Photocatalytic activity of synthesized titanate nanotubes and nanoribbons vs. commercial TiO_2 under artificial solar and visible irradiation using 17β-estradiol as model micropollutant

摘要

The aim of this study was to compare photocatalytic activity of protonated titanate nanotubes (HTiNT) and nanoribbons (HTiNR) vs. TiO2 P25 under different irradiation conditions for degradation of selected water micropollutant (17 beta-estradiol, E2). HTiNT and HTiNR were prepared according to previously published method, hereby confirmed by means of the scanning electron microscopy and powder X-ray diffraction (XRD). In order to check the extent of photocatalytic activity at high E2 photolysis rates due to its absorption maximum (lambda(max) = 278 nm), reaction cell was exposed to the source of artificial solar light with enhanced UVB irradiation. HTiNT, HTiNR and commercial TiO2 were active under both visible light and solar irradiation. In each irradiation regime, the E2 degradation followed pseudo-first-order kinetics with respect to both irradiation time and energy. The rate constant decreased with the decreasing catalyst load while increased with the increasing irradiation energy for the emissions below 400 nm.
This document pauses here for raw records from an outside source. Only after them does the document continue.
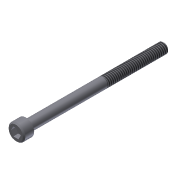
# Autodesk Inventor part: 10-32 x1000
Saved by Autodesk Inventor 2013 (Build 170138000, 138)
## iProperties
Created: 2011-07-11
Part Number: 10-32 x1000
Document SubType Name: Modeling
Designer: Dan Niemitalo
Density: 7.85 g/cm^3
Material: Steel
Mass: 5.59341 g
Surface Area: 6.83094 cm^2
Volume: 0.712536 cm^3
Author: Dan Niemitalo
Autodesk Inventor part; units mm, degrees
ref_plane "YZ Plane" through (0, 0, 0) normal (1, 0, 0) x (0, 1, 0)
ref_plane "XZ Plane" through (0, 0, 0) normal (0, 1, 0) x (-1, 0, 0)
ref_plane "XY Plane" through (0, 0, 0) normal (0, 0, 1) x (1, 0, 0)
sketch "Sketch1" plane through (0, 0, 0) normal (0, 0, 1) x (1, 0, 0)
  circle A0 centre (0, 0) radius 3.429
  dimension "d0" = 6.858
  constraints: 1 centre point, 1 coincident
  measures "d0" diameter of A0
extrude "Extrusion1" add sketch "Sketch1" along normal blind 4.1656
sketch "Sketch2" plane through (0, 0, 0) normal (0, 0, -1) x (-1, 0, 0)
  circle A0 centre (0, 0) radius 3.429 projected
  circle A1 centre (0, 0) radius 2.0828
  dimension "d3" = 4.1656
  constraints: 1 centre point, 1 coincident
  measures "d3" diameter of A1
extrude "Extrusion2" add sketch "Sketch2" along normal blind 57.15 contours A1
sketch "Sketch3" plane through (0, 0, 4.1656) normal (0, 0, 1) x (1, 0, 0)
  circle A0 centre (0, 0) radius 3.429 projected
  line L0 (-1.0311, 1.7859) -> (1.0311, 1.7859)
  line L1 (1.0311, 1.7859) -> (2.0622, 0)
  line L2 (2.0622, 0) -> (1.0311, -1.7859)
  line L3 (1.0311, -1.7859) -> (-1.0311, -1.7859)
  line L4 (-1.0311, -1.7859) -> (-2.0622, 0)
  line L5 (-2.0622, 0) -> (-1.0311, 1.7859)
  dimension "d6" = 3.5719
  constraints: 12 end point, 1 coincident, 1 horizontal, 13 other
  measures "d6" distance between parallel lines of L3 L0
extrude "Extrusion3" cut sketch "Sketch3" against normal blind 2.032 contours L0 L1 L2 L3 L4 L5
thread "Thread1" size "8-32 UNC" class "2A" standard "ANSI Unified Screw Threads" length 25.4
chamfer "Chamfer1" distance 0.508 angle 45 1 edges at (2.0828, 0, -57.15)
chamfer "Chamfer2" distance 0.508 angle 45 1 edges at (-3.429, 0, 4.1656)
body "Solid1"
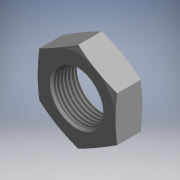
# Autodesk Inventor part: DIN-439-B - M22x1.5(F)
Saved by Autodesk Inventor 2017.3 (Build 213256000, 256)
## iProperties
Part Number: DIN-439-B - M22x1.5(F)
Material: Generic
Catalog Web Link: www.cadenas.de
Description: DIN-439 Form B-Hex nut
Vendor: FESTO
Document SubType Name: Modeling
Designer: partserver
Manufacturer: FESTO
Mass: 6.08938 g
Surface Area: 29.3855 cm^2
Volume: 6.08938 cm^3
Density: 1 g/cm^3
Appearance: PSOLRGB-192-192-192
Category: PARTsolutions
Company: FESTO
Title: DIN-439-B - M22x1.5
Author: Cadenas PARTsolutions
Comments: Hex nut
PSOL_IDENT_0: {$CADENAS_DATA\23d-libs\festo\zyl_zubeh\din_439_b\din_439_form_b.prj},190 {VTYP=3D},{NB=DIN-439-B -
PSOL_IDENT_1: M22x1.5(F)},{LINA=DIN-439-B - M22x1.5},{NN=DIN-439 Form B},{DATE=28.05.2015 11:05:12},{GEOMDATE=28.0
PSOL_IDENT_2: 5.2015 08:07:00},{VERSION=},{LINEID=400},{WBVAR=},{WBNUMERIC=}  {NB=DIN-439-B - M22x1.5(F)},{LINA=DI
PSOL_IDENT_3: N-439-B - M22x1.5},{KT=X},{IDNR=},{NENN=M22x1.5},{DG=22.000},{DK=20.376},{M=11.000},{S=32.000},{P=1.
PSOL_IDENT_4: 500}
NB: DIN-439-B - M22x1.5(F)
NN: DIN-439 Form B
NT: Hex nut
NBSYN: DIN-439-B - $NENN.(F)
LINA: DIN-439-B - M22x1.5
CATALOG: Festo
ROWDESC: M22x1.5
NENN: M22x1.5
DG: 22
DK: 20.376
M: 11
S: 32
P: 1.5
SUPPLIER: FESTO
ARTICLENO: DIN-439-B - M22x1.5(F)
BOMINFO: DIN-439-B - M22x1.5
CREATOR: CADENAS GmbH
Autodesk Inventor part; units mm, degrees
sketch "Sketch_1" plane through (0, 0, 0) normal (0, 0, 1) x (1, 0, 0)
  line L0 (0, -11) -> (0, 0)
  line L1 (0, 0) -> (15.95, 0)
  line L2 (15.95, 0) -> (36.4763, -5.5)
  line L3 (36.4763, -5.5) -> (15.95, -11)
  line L4 (15.95, -11) -> (0, -11)
  line L5 (0, -11) -> (0, 0)
  constraints: 12 end point
revolve "Revolution1" add sketch "Sketch_1" angle 360 about axis through (0, -11, 0) along (0, 1, 0)
sketch "Sketch_2" plane through (0, 0, 0) normal (0, 1, 0) x (-1, 0, 0)
  line L0 (64, -64) -> (64, 64)
  line L1 (64, 64) -> (-64, 64)
  line L2 (-64, 64) -> (-64, -64)
  line L3 (-64, -64) -> (64, -64)
  line L4 (16, 9.2376) -> (0, 18.4752)
  line L5 (0, 18.4752) -> (-16, 9.2376)
  line L6 (-16, 9.2376) -> (-16, -9.2376)
  line L7 (-16, -9.2376) -> (0, -18.4752)
  line L8 (0, -18.4752) -> (16, -9.2376)
  line L9 (16, -9.2376) -> (16, 9.2376)
  constraints: 20 end point
extrude "Extrusion1" cut sketch "Sketch_2" along normal mid plane 24
sketch "Sketch_3" plane through (0, 0, 0) normal (0, 0, 1) x (1, 0, 0)
  line L0 (0, -11) -> (0, 0)
  line L1 (0, 0) -> (11, 0)
  line L2 (11, 0) -> (10.188, -0.812)
  line L3 (10.188, -0.812) -> (10.188, -10.188)
  line L4 (10.188, -10.188) -> (11, -11)
  line L5 (11, -11) -> (0, -11)
  line L6 (0, -11) -> (0, 0)
  constraints: 14 end point
revolve "Revolution2" cut sketch "Sketch_3" angle 360 about axis through (0, -11, 0) along (0, -1, 0)
thread "Thread1" size "M22x1.5" class "6H" standard "ISO Metric profile" full length
ref_plane "2CYL_XY" through (0, -5.5, 0) normal (0, 1, 0) x (1, 0, 0)
ref_plane "2CYL_YZ" through (0, -5.5, 0) normal (1, 0, 0) x (0, 0, -1)
ref_plane "2CYL_ZX" through (0, -5.5, 0) normal (0, 0, -1) x (0, 1, 0)
ref_plane "din439b_punkt_XY" through (0, 0, 0) normal (0, 1, 0) x (1, 0, 0)
ref_plane "din439b_punkt_YZ" through (0, 0, 0) normal (1, 0, 0) x (0, 0, -1)
ref_plane "din439b_punkt_ZX" through (0, 0, 0) normal (0, 0, -1) x (0, 1, 0)
body "Solid1"
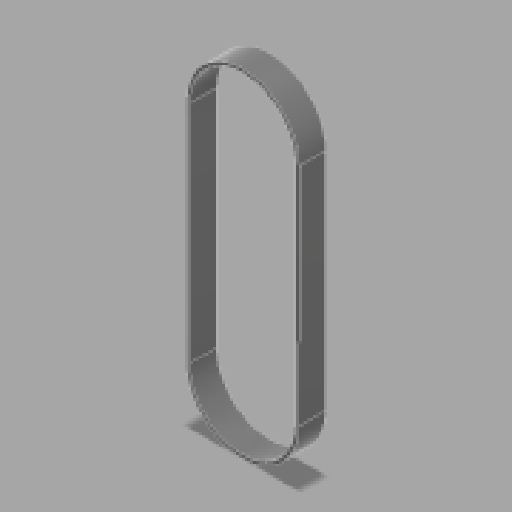
# Autodesk Inventor part: Ремень
Saved by Autodesk Inventor 2025 (Build 290162000, 162)
## iProperties
Created: 2025-04-08
Part Number: Ремень
Material: Типовые
Document SubType Name: Modeling
Designer: Artem Sannikov
Density: 1 g/cm^3
Appearance: Гладкая — черная
Author: Artem Sannikov
Autodesk Inventor part; units mm, degrees
ref_plane "YZ Plane" through (0, 0, 0) normal (1, 0, 0) x (0, 1, 0)
ref_plane "XZ Plane" through (0, 0, 0) normal (0, 1, 0) x (-1, 0, 0)
ref_plane "XY Plane" through (0, 0, 0) normal (0, 0, 1) x (1, 0, 0)
sketch "Эскиз1" plane through (0, 0, 0) normal (0, 0, 1) x (1, 0, 0)
  spline S0 degree 3 number of poles 571 construction
  circle A0 centre (0, 0) radius 12.4728
  circle A1 centre (0, 0) radius 11.6873
  spline S1 degree 3 number of poles 571 construction
  circle A2 centre (0.0593, 50) radius 3.05 construction
  circle A3 centre (0.0593, 50) radius 12.4622
  circle A4 centre (0.0593, 50) radius 11.6915
  line L0 (12.5215, 49.9878) -> (12.4728, -0.0121)
  line L1 (-12.4028, 50.0174) -> (-12.4728, 0.0175)
  line L2 (-11.6322, 50.0129) -> (-11.6873, 0.0129)
  line L3 (-11.6921, -4.3435) -> (-11.689, -1.4984)
  line L4 (11.7508, 49.9851) -> (11.6873, -0.0148)
  line L5 (0, 0) -> (-30.3964, 0.0335) construction
  point P0 (-23.5791, 58.2576)
  point P1 (2.2116, 51.4848)
  point P2 (12.4728, 0)
  dimension "d0" = 24.9244
  dimension "d1" = 24.9457
  dimension "d2" = 23.383
  dimension "d3" = 23.3746
  dimension "d6" = 50
  constraints: 12 end point, 10 tangent, 9 point on circle, 5 centre point, 4 coincident, 1 perpendicular, 1 other
  measures "d0" diameter of A3
  measures "d1" diameter of A0
  measures "d2" diameter of A4
  measures "d3" diameter of A1
  measures "d6" distance from line of L5 A2.centre
extrude "Выдавливание1" add sketch "Эскиз1" along normal blind 6 contours A0 L2 A1 L4 | L1 A3 L2 A0 | A3 L4 A4 L2 | L4 A3 L0 A0 picked at (-11.8082, -1.4117) picked at (12.144, 50.9937)
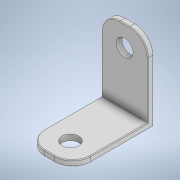
# Autodesk Inventor part: Right Angle
Saved by Autodesk Inventor 2022.1 (Build 261234020, 234B)
## iProperties
Created: 2023-10-09
Part Number: Right Angle
Material: Generic
Document SubType Name: Modeling
Designer: luke.macenski3281
Density: 1 g/cm^3
Appearance: Default
Author: luke.macenski3281
Autodesk Inventor part; units mm, degrees
ref_plane "YZ Plane" through (0, 0, 0) normal (1, 0, 0) x (0, 1, 0)
ref_plane "XZ Plane" through (0, 0, 0) normal (0, 1, 0) x (-1, 0, 0)
ref_plane "XY Plane" through (0, 0, 0) normal (0, 0, 1) x (1, 0, 0)
sketch "Sketch1" plane through (0, 0, 0) normal (0, 1, 0) x (-1, 0, 0)
  point P0 (0, 0)
sketch "Sketch2" plane through (0, 0, 0) normal (0, 1, 0) x (-1, 0, 0)
  line L0 (0, 0) -> (-16.129, 0)
  line L1 (-16.129, 0) -> (-16.129, 28.194)
  line L2 (-16.129, 28.194) -> (0, 28.194)
  line L3 (0, 28.194) -> (0, 0)
  circle A0 centre (-8.0645, 20.9296) radius 2.9464
  point P0 (-8.0645, 28.194)
  dimension "d0" = 16.129
  dimension "d1" = 28.194
  dimension "d3" = 5.8928
  dimension "d4" = 7.2644
  constraints: 8 end point, 2 parallel, 1 centre point, 1 horizontal, 1 midpoint, 1 perpendicular
  measures "d0" distance of L1.end L2.end
  measures "d1" distance from line of point (-8.065, 28.194) L0
  measures "d3" diameter of A0
  measures "d4" distance of point (-8.065, 28.194) A0.centre
extrude "Extrusion1" add sketch "Sketch2" along normal blind 2.0066
sketch "Sketch3" plane through (0, 0, 0) normal (0, -1, 0) x (1, 0, 0)
  line L0 (16.129, 0) -> (0, 0) projected
  line L1 (0, 0) -> (16.129, 0)
  line L2 (16.129, 0) -> (16.129, 2.0066)
  line L3 (16.129, 2.0066) -> (0, 2.0066)
  line L4 (0, 2.0066) -> (0, 0)
  point P0 (8.0645, 2.0066)
  dimension "d7" = 2.0066
  constraints: 8 end point, 2 parallel, 1 horizontal, 1 midpoint, 1 perpendicular
  measures "d7" distance from line of L0 point (8.065, 2.007)
extrude "Extrusion2" add sketch "Sketch3" against normal blind 27.94
fillet "Fillet1" radius 6.35 2 edges at (16.129, 1.0033, 28.194) (0, 1.0033, 28.194)
sketch "Sketch4" plane through (0, 2.0066, 2.0066) normal (0, 0, 1) x (1, 0, 0)
  circle A0 centre (8.0645, 18.669) radius 2.9464
  line L0 (0, 25.9334) -> (16.129, 25.9334) projected
  point P0 (0, -2.0066)
  point P1 (8.0645, 25.9334)
  dimension "d11" = 5.8928
  dimension "d12" = 7.2644
  constraints: 1 centre point, 1 midpoint
  measures "d11" diameter of A0
  measures "d12" distance of point (8.065, 25.933) A0.centre
fillet "Fillet2" radius 6.35 2 edges at (0, 27.94, 1.0033) (16.129, 27.94, 1.0033)
extrude "Extrusion3" cut sketch "Sketch4" against normal blind 2.0066
fillet "Fillet3" radius 0.254 20 edges at (14.2691, 2.0066, 26.3341) (8.0645, 2.0066, 28.194) (1.8599, 2.0066, 26.3341) (0, 2.0066, 11.9253) (16.129, 2.0066, 11.9253) (14.2691, 0, 26.3341) (8.0645, 0, 28.194) (1.8599, 0, 26.3341) (0, 0, 10.922) (16.129, 0, 10.922) (14.2691, 26.0801, 2.0066) (8.0645, 27.94, 2.0066) (1.8599, 26.0801, 2.0066) (0, 11.7983, 2.0066) (16.129, 11.7983, 2.0066) (14.2691, 26.0801, 0) (8.0645, 27.94, 0) (1.8599, 26.0801, 0) (0, 10.795, 0) (16.129, 10.795, 0)
body "Solid1"

On behalf of achieved nanostructural arrays the wider bandgaps were shown for HTiNT and HTiNR. Compared with TiO2 P25 almost three times lower rate constants for E2 degradation under visible irradiation were observed on behalf of band alignment effect of the P25. The photonic efficiencies (zeta(0)) were calculated and used for quantitative comparison of HTiNT, HTiNR and TiO2 photocatalytic activity regardless the irradiation conditions. The respective values decreased with the higher irradiation energy as related to an excess of photons available for simultaneous photolysis of E2 and its degradation intermediates.